Riz. 5. Modèle de la molécule de myoglobine (configuration spatiale de la molécule)

Dénaturation des protéines

Les liaisons relativement faibles responsables de la stabilisation des structures secondaires, tertiaires et quaternaires de la protéine sont facilement détruites, ce qui s'accompagne d'une perte de son activité biologique. La destruction de la structure protéique originale (native), appelée dénaturation, se produit en présence d'acides et de bases, avec chauffage, modifications de la force ionique et autres influences. En règle générale, les protéines dénaturées sont peu ou pas du tout solubles dans l’eau. Avec un effet à court terme et une élimination rapide des facteurs dénaturants, la renaturation des protéines est possible avec restauration complète ou partielle de la structure d'origine et des propriétés biologiques.

Classement des protéines

La complexité de la structure des molécules protéiques et l'extrême variété des fonctions qu'elles remplissent rendent difficile la création d'une classification unifiée et claire de celles-ci, bien que des tentatives dans ce sens aient été faites à plusieurs reprises depuis la fin du XIXe siècle. En fonction de leur composition chimique, les protéines sont divisées en protéines simples et complexes (parfois appelées protéides). Les molécules des premiers sont constituées uniquement d’acides aminés. En plus de la chaîne polypeptidique elle-même, les protéines complexes contiennent des composants non protéiques représentés par des glucides (glycoprotéines), des lipides (lipoprotéines), des acides nucléiques (nucléoprotéines), des ions métalliques (métalloprotéines), un groupe phosphate (phosphoprotéines), des pigments (chromoprotéines), etc. .

Selon les fonctions qu'elles remplissent, on distingue plusieurs classes de protéines. La classe la plus diversifiée et la plus spécialisée est constituée de protéines ayant une fonction catalytique - des enzymes capables d'accélérer les réactions chimiques se produisant dans les organismes vivants.
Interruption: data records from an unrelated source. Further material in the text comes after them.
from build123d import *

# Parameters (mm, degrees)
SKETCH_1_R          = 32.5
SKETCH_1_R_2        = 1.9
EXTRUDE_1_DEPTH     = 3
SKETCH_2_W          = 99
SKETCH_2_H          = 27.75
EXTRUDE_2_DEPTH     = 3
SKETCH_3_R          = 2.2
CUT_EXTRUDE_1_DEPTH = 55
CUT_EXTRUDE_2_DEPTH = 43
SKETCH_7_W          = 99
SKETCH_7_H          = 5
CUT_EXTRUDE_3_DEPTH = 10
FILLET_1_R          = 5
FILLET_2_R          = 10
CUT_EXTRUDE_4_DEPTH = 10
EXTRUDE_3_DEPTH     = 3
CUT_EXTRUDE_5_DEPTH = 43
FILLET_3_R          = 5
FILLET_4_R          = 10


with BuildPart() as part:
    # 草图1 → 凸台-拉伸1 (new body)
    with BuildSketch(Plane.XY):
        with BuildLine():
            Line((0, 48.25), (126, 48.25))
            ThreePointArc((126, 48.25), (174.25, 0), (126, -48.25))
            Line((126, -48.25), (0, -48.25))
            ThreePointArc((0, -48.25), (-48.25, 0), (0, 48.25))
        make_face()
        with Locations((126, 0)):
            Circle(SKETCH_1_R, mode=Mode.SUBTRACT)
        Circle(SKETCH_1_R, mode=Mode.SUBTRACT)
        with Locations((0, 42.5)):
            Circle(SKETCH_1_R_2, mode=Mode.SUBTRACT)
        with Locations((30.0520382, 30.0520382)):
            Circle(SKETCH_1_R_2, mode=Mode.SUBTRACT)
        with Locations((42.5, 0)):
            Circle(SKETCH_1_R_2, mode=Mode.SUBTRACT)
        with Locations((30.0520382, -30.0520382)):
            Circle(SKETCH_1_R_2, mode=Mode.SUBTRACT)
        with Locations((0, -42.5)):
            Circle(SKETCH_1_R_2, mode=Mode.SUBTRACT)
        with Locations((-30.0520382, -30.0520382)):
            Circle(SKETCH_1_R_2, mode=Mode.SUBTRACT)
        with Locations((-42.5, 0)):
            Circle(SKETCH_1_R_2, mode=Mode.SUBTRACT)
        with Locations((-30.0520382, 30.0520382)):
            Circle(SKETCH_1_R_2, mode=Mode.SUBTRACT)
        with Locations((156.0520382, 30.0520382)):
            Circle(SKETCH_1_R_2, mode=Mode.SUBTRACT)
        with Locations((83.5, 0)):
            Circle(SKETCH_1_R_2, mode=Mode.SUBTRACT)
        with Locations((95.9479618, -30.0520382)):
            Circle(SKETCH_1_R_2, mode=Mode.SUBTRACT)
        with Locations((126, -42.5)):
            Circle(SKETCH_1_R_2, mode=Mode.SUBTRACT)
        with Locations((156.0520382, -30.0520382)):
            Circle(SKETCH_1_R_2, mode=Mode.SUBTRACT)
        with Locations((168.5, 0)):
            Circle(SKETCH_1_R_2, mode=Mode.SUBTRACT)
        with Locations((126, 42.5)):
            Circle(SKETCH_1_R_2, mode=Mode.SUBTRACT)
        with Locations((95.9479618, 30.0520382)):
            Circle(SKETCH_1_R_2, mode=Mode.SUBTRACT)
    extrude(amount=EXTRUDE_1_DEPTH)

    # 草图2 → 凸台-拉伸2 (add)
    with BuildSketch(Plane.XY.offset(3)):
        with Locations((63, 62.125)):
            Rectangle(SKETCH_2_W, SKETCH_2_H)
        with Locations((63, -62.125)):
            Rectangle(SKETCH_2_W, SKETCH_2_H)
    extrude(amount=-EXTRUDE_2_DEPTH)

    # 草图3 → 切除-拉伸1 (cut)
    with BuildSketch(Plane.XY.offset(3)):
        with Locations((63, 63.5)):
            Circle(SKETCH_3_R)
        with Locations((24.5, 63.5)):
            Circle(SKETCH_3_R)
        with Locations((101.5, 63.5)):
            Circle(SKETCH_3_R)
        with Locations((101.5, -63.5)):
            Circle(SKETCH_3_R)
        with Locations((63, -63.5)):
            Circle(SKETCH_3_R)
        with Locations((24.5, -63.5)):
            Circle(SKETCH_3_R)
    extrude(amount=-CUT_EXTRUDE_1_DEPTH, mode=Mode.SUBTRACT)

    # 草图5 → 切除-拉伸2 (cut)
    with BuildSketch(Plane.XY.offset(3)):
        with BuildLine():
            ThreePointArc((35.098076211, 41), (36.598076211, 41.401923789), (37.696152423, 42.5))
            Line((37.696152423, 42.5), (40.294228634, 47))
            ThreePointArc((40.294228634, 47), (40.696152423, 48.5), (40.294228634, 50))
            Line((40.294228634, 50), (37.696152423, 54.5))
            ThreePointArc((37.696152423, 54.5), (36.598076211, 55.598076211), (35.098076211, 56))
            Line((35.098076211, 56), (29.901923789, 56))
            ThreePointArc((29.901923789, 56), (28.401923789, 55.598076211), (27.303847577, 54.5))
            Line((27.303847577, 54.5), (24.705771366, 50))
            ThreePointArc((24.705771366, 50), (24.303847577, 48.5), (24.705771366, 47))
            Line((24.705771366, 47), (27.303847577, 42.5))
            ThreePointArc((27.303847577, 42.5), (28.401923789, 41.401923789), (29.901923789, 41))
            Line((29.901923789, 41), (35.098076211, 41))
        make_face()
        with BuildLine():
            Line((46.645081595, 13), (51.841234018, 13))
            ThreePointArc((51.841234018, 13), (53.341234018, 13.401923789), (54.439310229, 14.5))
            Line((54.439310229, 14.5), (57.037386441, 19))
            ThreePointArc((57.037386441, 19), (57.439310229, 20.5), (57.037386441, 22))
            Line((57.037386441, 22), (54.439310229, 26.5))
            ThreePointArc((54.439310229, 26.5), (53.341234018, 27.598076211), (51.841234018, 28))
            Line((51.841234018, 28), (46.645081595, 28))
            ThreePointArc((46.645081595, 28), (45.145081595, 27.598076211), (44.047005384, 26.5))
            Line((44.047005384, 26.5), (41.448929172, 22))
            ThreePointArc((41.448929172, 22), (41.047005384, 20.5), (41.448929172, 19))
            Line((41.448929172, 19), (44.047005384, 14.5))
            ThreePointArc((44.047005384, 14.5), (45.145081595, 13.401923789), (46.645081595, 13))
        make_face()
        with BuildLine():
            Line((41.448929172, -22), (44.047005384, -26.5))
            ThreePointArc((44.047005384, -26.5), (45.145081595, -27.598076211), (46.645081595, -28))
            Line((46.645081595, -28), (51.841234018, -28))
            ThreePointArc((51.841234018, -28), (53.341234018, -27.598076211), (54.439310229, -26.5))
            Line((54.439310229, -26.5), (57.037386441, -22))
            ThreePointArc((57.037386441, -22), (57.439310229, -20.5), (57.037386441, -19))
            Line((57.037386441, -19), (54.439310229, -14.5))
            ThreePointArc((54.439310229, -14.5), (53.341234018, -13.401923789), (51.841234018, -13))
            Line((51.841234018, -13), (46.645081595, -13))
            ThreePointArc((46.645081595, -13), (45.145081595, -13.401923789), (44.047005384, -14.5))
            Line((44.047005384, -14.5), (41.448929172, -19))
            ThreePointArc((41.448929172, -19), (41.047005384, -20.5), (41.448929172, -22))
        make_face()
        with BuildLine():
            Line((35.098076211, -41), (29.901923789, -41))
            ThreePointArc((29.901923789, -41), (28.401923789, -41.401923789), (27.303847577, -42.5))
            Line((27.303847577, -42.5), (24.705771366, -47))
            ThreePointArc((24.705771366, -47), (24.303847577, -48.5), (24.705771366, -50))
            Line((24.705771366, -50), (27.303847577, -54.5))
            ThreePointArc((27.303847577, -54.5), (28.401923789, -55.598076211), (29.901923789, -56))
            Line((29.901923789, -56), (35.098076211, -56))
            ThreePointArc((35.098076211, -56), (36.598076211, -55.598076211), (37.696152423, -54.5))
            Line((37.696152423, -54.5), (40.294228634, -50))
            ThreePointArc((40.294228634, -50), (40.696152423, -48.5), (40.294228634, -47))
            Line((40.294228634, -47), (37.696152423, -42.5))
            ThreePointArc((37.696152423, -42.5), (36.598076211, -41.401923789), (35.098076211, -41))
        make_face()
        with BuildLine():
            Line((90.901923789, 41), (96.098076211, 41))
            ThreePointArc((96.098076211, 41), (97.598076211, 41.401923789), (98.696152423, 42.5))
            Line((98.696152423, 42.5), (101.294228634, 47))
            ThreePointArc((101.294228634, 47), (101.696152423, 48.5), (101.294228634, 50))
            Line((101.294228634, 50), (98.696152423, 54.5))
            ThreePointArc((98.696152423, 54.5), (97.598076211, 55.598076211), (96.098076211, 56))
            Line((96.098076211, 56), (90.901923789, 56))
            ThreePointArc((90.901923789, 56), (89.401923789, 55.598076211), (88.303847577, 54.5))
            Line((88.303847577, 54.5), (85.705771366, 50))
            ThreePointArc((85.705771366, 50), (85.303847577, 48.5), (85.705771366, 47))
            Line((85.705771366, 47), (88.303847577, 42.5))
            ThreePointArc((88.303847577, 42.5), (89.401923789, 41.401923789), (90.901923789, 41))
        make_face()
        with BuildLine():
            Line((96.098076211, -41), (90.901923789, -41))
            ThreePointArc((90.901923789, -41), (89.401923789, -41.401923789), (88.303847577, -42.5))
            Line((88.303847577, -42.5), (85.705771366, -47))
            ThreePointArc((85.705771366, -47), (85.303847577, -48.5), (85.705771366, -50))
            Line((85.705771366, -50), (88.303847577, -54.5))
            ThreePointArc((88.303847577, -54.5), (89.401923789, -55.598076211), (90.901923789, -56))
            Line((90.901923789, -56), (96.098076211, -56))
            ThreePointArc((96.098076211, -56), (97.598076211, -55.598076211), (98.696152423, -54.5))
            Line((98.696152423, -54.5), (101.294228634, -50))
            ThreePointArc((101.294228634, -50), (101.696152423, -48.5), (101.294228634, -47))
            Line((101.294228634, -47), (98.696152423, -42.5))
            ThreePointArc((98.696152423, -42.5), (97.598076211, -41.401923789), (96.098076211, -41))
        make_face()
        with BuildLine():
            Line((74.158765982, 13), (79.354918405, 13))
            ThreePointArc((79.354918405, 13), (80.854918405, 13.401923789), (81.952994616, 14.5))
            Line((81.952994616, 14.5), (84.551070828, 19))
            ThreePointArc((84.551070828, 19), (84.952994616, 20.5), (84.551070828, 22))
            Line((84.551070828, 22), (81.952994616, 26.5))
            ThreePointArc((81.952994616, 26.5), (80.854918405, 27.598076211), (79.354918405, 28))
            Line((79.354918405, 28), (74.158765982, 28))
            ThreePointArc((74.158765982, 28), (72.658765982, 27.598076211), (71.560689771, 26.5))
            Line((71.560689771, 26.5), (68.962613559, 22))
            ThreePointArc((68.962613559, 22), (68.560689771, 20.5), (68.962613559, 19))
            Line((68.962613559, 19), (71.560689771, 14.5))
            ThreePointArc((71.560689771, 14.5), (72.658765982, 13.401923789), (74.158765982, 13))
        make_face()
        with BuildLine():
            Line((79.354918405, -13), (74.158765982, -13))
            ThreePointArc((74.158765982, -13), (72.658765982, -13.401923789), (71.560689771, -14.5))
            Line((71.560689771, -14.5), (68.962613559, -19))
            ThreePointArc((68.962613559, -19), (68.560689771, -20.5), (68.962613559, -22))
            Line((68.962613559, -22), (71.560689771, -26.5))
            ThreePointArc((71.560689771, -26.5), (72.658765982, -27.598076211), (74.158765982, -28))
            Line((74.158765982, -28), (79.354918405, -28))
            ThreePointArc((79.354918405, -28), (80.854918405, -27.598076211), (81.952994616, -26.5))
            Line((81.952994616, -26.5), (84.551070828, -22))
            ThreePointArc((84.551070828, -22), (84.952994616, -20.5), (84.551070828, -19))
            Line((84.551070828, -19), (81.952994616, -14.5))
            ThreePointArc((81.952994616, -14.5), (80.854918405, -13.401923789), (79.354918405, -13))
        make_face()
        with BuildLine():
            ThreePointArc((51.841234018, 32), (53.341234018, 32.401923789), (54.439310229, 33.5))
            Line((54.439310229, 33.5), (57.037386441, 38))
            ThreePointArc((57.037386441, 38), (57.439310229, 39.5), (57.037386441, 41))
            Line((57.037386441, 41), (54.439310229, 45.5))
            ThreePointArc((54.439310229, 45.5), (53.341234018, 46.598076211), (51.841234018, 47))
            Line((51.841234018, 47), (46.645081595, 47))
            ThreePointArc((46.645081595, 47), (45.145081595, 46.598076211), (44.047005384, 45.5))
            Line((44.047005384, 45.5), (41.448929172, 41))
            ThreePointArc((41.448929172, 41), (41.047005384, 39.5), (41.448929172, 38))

A ce titre, les protéines participent à tous les processus de synthèse et de dégradation de divers composés au cours du métabolisme, à la biosynthèse des protéines et des acides nucléiques, à la régulation du développement et de la différenciation cellulaire. Les protéines de transport ont la capacité de lier sélectivement les acides gras, les hormones et d'autres composés et ions organiques et inorganiques, puis de les transporter avec du courant vers l'emplacement souhaité (par exemple, l'hémoglobine est impliquée dans le transfert de l'oxygène des poumons vers toutes les cellules de le corps). Les protéines de transport assurent également le transport actif des ions, des lipides, des sucres et des acides aminés à travers les membranes biologiques.

Les protéines structurelles remplissent une fonction de soutien ou de protection ; ils participent à la formation du squelette cellulaire. Les plus courants d'entre eux sont le collagène du tissu conjonctif, la kératine, les ongles et les plumes, l'élastine des cellules vasculaires et bien d'autres. En combinaison avec les lipides, ils constituent la base structurelle des membranes cellulaires et intracellulaires.

Un certain nombre de protéines remplissent une fonction protectrice. Par exemple, les immunoglobulines (anticorps) des vertébrés, ayant la capacité de se lier à des micro-organismes et substances pathogènes étrangers, neutralisent leurs effets pathogènes sur l'organisme et empêchent la prolifération cellulaire. Le fibrinogène et la thrombine sont impliqués dans le processus de coagulation sanguine. De nombreuses substances protéiques sécrétées par les bactéries, ainsi que les composants de certains invertébrés, sont classées comme toxines.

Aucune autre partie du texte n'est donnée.